INSTRUCTIONS TO FOLLOW: Every record that appears below should be transcribed exactly.

BEGIN SUPPLIED RECORDS

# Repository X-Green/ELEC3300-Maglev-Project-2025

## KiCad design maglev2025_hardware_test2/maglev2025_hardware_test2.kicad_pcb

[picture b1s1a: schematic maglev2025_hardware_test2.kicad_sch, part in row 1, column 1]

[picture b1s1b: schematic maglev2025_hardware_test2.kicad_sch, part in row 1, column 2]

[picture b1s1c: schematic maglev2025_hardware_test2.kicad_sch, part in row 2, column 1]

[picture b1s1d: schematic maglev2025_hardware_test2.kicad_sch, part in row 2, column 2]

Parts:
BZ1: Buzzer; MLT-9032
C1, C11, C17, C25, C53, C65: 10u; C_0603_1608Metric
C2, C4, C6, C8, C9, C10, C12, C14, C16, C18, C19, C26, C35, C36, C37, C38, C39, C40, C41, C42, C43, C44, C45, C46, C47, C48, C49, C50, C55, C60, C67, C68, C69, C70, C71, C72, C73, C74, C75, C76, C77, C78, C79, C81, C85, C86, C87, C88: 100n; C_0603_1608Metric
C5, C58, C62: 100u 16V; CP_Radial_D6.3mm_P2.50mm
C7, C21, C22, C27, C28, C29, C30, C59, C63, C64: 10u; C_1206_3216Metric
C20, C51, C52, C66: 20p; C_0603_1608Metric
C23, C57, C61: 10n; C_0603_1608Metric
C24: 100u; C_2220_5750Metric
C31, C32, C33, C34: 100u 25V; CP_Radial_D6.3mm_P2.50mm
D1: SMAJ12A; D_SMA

END SUPPLIED RECORDS

RESPONSE:
# Repository X-Green/ELEC3300-Maglev-Project-2025

## KiCad design maglev2025_hardware_test2/maglev2025_hardware_test2.kicad_pcb

[picture b1s1a: schematic maglev2025_hardware_test2.kicad_sch, part in row 1, column 1]

[picture b1s1b: schematic maglev2025_hardware_test2.kicad_sch, part in row 1, column 2]

[picture b1s1c: schematic maglev2025_hardware_test2.kicad_sch, part in row 2, column 1]

[picture b1s1d: schematic maglev2025_hardware_test2.kicad_sch, part in row 2, column 2]

Parts:
BZ1: Buzzer; MLT-9032
C1, C11, C17, C25, C53, C65: 10u; C_0603_1608Metric
C2, C4, C6, C8, C9, C10, C12, C14, C16, C18, C19, C26, C35, C36, C37, C38, C39, C40, C41, C42, C43, C44, C45, C46, C47, C48, C49, C50, C55, C60, C67, C68, C69, C70, C71, C72, C73, C74, C75, C76, C77, C78, C79, C81, C85, C86, C87, C88: 100n; C_0603_1608Metric
C5, C58, C62: 100u 16V; CP_Radial_D6.3mm_P2.50mm
C7, C21, C22, C27, C28, C29, C30, C59, C63, C64: 10u; C_1206_3216Metric
C20, C51, C52, C66: 20p; C_0603_1608Metric
C23, C57, C61: 10n; C_0603_1608Metric
C24: 100u; C_2220_5750Metric
C31, C32, C33, C34: 100u 25V; CP_Radial_D6.3mm_P2.50mm
D1: SMAJ12A; D_SMA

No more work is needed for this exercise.